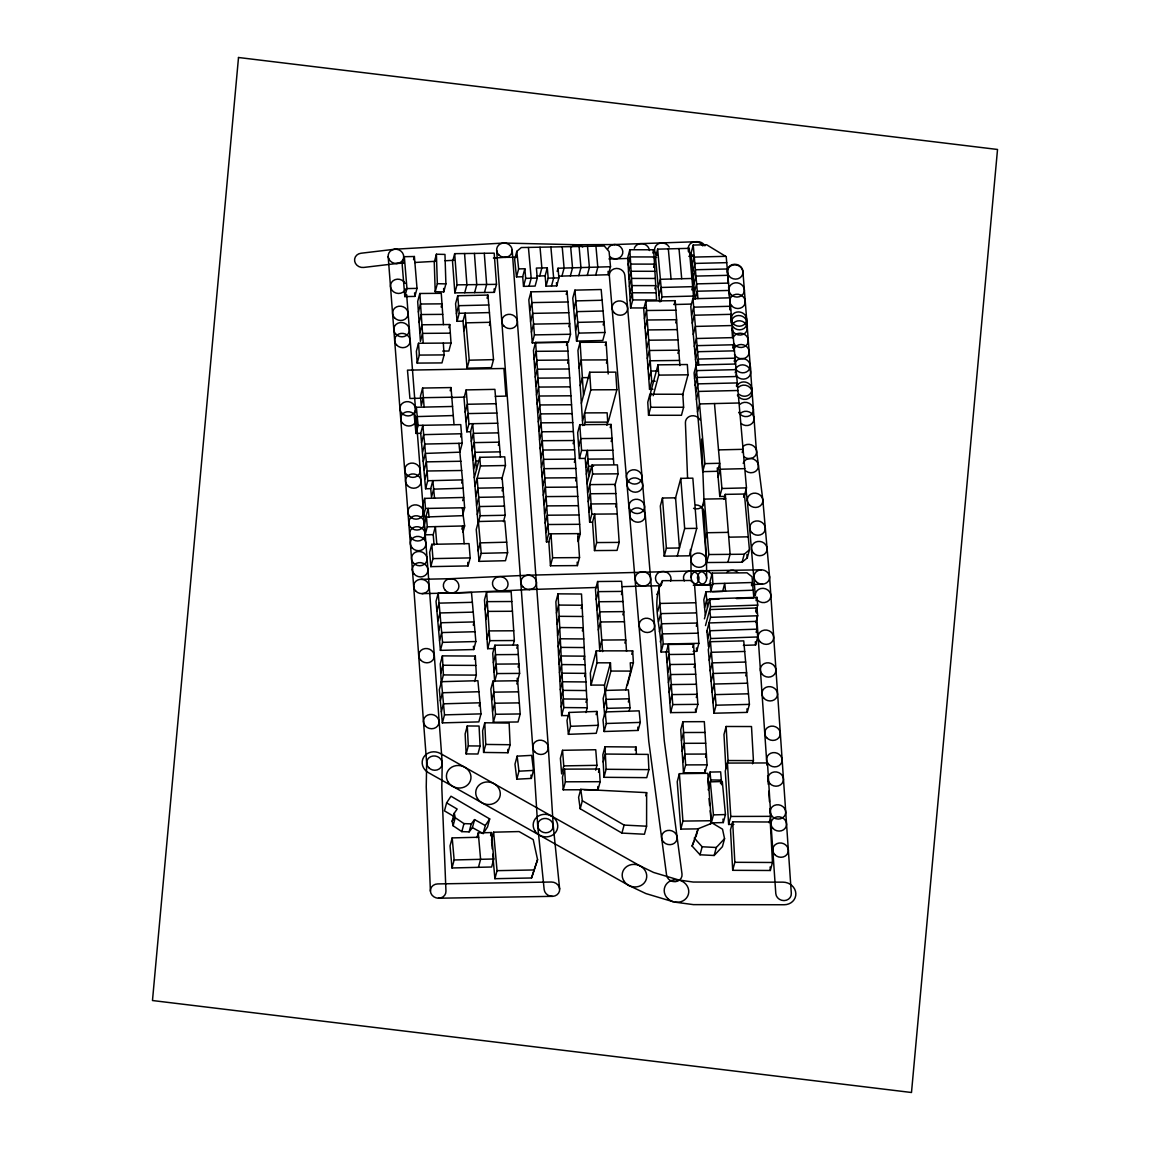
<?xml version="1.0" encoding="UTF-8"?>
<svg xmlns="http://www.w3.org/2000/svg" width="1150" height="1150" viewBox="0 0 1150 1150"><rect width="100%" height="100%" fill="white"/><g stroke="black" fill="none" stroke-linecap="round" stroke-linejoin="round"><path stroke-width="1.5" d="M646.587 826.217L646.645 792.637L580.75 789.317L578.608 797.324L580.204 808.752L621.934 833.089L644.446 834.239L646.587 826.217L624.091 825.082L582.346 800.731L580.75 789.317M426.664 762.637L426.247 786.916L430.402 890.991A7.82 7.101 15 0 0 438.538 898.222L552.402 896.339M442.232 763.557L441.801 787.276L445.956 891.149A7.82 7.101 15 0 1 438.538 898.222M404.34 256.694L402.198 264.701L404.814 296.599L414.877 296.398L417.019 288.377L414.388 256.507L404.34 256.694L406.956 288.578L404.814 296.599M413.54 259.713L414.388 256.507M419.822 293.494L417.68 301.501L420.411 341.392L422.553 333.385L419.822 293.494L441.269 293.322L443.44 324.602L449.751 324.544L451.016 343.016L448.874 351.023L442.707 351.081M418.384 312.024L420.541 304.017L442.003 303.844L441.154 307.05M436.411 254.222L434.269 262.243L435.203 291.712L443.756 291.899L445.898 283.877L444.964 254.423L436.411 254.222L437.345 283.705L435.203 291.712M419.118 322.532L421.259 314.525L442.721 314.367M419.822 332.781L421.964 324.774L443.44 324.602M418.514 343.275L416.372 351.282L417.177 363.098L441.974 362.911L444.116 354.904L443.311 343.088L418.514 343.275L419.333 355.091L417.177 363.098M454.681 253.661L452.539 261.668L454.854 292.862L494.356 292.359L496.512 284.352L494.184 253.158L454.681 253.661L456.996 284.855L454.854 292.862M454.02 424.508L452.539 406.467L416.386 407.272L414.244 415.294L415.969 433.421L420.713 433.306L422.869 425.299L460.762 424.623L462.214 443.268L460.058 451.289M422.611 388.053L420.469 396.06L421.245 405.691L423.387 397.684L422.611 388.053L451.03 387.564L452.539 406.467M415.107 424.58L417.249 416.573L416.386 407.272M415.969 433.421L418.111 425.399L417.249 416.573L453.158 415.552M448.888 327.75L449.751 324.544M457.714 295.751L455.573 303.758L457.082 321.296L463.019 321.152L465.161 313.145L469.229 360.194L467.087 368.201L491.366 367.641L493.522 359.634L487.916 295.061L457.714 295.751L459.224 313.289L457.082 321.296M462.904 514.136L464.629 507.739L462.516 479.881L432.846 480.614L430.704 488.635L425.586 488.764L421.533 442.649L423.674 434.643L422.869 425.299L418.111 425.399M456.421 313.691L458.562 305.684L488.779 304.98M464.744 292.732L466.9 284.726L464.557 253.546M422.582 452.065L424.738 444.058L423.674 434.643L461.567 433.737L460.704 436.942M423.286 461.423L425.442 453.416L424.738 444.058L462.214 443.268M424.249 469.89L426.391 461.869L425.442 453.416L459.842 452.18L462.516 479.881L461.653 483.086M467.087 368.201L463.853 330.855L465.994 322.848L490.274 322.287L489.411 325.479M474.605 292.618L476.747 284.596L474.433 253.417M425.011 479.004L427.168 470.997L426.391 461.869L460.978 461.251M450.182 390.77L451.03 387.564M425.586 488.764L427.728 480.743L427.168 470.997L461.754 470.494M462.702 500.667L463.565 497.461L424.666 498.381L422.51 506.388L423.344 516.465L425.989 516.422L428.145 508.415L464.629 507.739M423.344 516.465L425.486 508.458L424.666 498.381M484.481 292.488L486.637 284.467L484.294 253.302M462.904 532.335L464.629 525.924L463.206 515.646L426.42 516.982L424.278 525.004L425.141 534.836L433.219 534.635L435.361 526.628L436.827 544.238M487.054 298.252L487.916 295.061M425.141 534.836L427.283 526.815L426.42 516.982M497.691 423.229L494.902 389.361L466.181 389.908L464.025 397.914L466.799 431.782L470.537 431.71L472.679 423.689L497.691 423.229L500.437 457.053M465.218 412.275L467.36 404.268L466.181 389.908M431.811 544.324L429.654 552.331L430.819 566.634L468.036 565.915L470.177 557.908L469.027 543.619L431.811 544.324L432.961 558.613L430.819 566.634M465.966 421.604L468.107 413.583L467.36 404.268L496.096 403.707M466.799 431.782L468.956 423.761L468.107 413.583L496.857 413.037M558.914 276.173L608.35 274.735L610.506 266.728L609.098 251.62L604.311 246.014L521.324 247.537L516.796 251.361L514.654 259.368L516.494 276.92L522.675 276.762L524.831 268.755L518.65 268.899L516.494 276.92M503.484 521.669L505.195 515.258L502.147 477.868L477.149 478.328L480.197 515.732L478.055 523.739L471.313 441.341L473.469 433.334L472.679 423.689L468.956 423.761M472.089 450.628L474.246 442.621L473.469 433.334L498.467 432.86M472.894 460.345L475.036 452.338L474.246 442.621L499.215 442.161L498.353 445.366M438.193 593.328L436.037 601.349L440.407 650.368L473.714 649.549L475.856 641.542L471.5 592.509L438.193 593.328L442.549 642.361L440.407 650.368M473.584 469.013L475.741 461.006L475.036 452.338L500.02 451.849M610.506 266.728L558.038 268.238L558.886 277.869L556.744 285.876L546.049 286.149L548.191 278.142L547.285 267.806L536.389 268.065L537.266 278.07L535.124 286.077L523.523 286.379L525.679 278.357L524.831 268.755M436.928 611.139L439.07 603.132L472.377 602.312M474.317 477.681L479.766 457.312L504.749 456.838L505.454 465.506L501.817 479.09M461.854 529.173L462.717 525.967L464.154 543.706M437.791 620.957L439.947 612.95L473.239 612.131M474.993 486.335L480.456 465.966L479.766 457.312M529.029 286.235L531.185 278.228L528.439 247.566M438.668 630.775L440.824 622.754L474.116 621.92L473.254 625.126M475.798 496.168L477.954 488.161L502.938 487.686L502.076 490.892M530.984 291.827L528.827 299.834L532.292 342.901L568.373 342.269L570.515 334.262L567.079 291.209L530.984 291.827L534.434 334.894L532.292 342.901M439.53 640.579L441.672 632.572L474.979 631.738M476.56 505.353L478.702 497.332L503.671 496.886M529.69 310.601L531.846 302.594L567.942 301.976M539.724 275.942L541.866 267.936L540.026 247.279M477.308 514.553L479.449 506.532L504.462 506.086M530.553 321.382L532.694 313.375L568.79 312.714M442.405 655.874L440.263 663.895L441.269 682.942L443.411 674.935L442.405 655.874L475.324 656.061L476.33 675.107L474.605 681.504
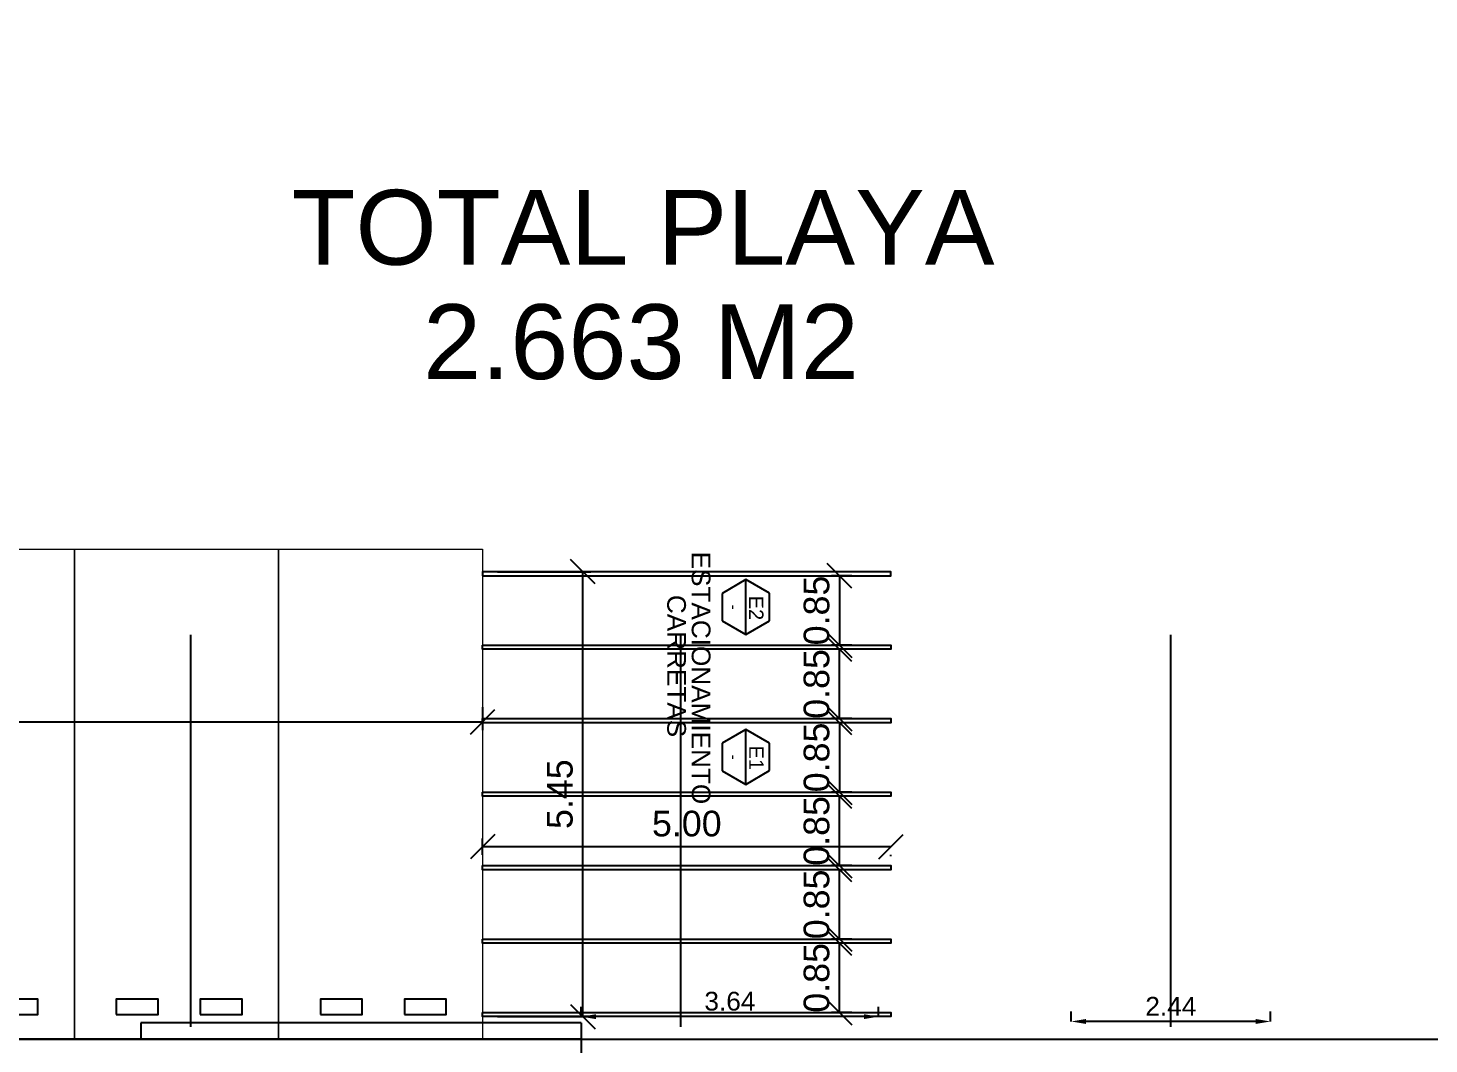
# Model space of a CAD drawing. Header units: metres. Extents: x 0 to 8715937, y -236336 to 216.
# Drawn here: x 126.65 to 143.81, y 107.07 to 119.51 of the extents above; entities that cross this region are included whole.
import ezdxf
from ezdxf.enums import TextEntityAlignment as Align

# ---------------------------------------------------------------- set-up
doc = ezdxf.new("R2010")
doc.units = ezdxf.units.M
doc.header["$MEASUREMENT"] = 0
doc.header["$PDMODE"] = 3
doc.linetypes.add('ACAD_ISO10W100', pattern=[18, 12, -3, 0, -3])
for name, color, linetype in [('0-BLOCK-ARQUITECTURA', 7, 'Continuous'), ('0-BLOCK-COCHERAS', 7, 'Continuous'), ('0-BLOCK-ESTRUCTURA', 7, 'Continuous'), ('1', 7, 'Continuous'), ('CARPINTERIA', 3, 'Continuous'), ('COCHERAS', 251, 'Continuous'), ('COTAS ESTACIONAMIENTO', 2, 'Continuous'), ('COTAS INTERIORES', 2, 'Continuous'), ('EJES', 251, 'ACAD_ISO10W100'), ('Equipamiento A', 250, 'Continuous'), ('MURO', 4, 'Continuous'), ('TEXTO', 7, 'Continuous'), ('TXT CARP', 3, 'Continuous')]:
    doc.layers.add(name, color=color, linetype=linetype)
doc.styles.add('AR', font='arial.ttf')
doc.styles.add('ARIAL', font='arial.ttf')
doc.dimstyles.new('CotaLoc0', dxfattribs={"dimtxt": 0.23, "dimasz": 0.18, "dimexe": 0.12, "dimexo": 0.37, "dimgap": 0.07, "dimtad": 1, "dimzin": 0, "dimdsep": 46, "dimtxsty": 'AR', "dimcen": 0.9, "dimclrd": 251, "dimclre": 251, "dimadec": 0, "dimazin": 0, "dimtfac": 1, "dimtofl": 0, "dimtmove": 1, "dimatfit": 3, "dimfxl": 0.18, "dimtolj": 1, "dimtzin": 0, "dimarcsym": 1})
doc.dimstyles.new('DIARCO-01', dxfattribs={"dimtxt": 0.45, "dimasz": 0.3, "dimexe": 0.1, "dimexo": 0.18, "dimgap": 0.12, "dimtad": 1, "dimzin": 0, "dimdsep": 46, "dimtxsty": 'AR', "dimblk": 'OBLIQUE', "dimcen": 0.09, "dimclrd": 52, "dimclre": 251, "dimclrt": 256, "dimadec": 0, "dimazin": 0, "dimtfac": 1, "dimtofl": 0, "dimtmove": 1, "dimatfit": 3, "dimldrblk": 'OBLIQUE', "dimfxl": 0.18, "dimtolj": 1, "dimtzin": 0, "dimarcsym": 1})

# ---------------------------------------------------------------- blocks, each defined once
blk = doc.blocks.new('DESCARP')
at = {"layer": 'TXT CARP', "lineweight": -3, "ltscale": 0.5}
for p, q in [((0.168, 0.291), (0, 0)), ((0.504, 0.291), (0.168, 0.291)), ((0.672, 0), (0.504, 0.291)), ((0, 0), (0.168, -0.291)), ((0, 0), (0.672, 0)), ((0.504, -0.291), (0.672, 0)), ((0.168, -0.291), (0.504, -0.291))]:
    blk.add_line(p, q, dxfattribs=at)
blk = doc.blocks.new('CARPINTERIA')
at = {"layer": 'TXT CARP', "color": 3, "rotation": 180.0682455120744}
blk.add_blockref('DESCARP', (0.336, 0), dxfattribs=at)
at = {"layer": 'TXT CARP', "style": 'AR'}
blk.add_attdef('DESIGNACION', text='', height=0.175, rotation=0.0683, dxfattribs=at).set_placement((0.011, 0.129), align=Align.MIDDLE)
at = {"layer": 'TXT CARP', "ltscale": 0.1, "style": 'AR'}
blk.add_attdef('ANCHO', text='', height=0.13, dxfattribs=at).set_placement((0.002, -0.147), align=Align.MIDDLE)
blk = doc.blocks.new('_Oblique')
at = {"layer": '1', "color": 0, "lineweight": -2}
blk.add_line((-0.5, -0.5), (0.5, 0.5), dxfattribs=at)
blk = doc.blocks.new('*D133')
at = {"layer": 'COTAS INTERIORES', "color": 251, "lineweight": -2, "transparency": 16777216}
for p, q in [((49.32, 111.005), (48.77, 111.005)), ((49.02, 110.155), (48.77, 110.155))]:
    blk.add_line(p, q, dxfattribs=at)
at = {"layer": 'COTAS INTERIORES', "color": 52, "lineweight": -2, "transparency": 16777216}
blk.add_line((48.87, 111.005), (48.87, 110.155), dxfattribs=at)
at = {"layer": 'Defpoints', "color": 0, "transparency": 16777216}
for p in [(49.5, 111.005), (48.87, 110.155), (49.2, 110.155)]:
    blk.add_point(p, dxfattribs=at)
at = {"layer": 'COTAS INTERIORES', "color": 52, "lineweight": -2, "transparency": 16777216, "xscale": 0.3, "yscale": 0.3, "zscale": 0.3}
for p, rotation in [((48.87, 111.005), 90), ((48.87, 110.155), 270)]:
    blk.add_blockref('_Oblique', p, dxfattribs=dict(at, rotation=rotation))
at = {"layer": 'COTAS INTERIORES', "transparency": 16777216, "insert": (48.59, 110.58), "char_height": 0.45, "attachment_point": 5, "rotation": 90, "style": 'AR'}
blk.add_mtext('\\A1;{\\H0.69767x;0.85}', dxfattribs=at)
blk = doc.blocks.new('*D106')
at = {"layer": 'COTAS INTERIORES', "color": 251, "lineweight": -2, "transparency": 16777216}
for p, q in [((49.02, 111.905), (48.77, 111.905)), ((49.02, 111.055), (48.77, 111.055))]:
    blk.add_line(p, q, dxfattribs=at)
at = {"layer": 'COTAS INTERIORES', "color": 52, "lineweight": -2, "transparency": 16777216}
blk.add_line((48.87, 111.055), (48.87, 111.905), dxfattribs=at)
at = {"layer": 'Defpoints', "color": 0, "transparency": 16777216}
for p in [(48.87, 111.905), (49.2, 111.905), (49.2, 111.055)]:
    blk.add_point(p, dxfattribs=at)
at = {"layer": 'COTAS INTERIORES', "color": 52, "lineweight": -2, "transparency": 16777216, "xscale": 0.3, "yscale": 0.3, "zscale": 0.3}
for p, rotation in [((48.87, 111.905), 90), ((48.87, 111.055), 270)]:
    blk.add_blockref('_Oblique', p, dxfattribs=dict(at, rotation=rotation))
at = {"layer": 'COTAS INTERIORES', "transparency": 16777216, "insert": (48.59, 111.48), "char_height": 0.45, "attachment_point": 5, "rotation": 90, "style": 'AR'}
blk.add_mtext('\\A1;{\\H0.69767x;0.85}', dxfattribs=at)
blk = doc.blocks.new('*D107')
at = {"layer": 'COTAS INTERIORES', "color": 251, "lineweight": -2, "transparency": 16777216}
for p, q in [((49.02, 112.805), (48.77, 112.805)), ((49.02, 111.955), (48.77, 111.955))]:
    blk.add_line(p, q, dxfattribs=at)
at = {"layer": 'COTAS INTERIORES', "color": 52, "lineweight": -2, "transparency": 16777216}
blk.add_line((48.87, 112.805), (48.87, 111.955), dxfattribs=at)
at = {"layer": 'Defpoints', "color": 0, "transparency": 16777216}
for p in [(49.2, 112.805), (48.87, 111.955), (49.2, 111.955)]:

◆ What you need to do: Copy the lines of the data above exactly as written, beginning with the line containing "blk = doc.blocks.new('CARPINTERIA')" and ending with the line containing "dxfattribs=at).set_placement((0.011, 0.129), align=Align.MIDDLE)", and leave out all other lines.

◆ Output of the exercise:
blk = doc.blocks.new('CARPINTERIA')
at = {"layer": 'TXT CARP', "color": 3, "rotation": 180.0682455120744}
blk.add_blockref('DESCARP', (0.336, 0), dxfattribs=at)
at = {"layer": 'TXT CARP', "style": 'AR'}
blk.add_attdef('DESIGNACION', text='', height=0.175, rotation=0.0683, dxfattribs=at).set_placement((0.011, 0.129), align=Align.MIDDLE)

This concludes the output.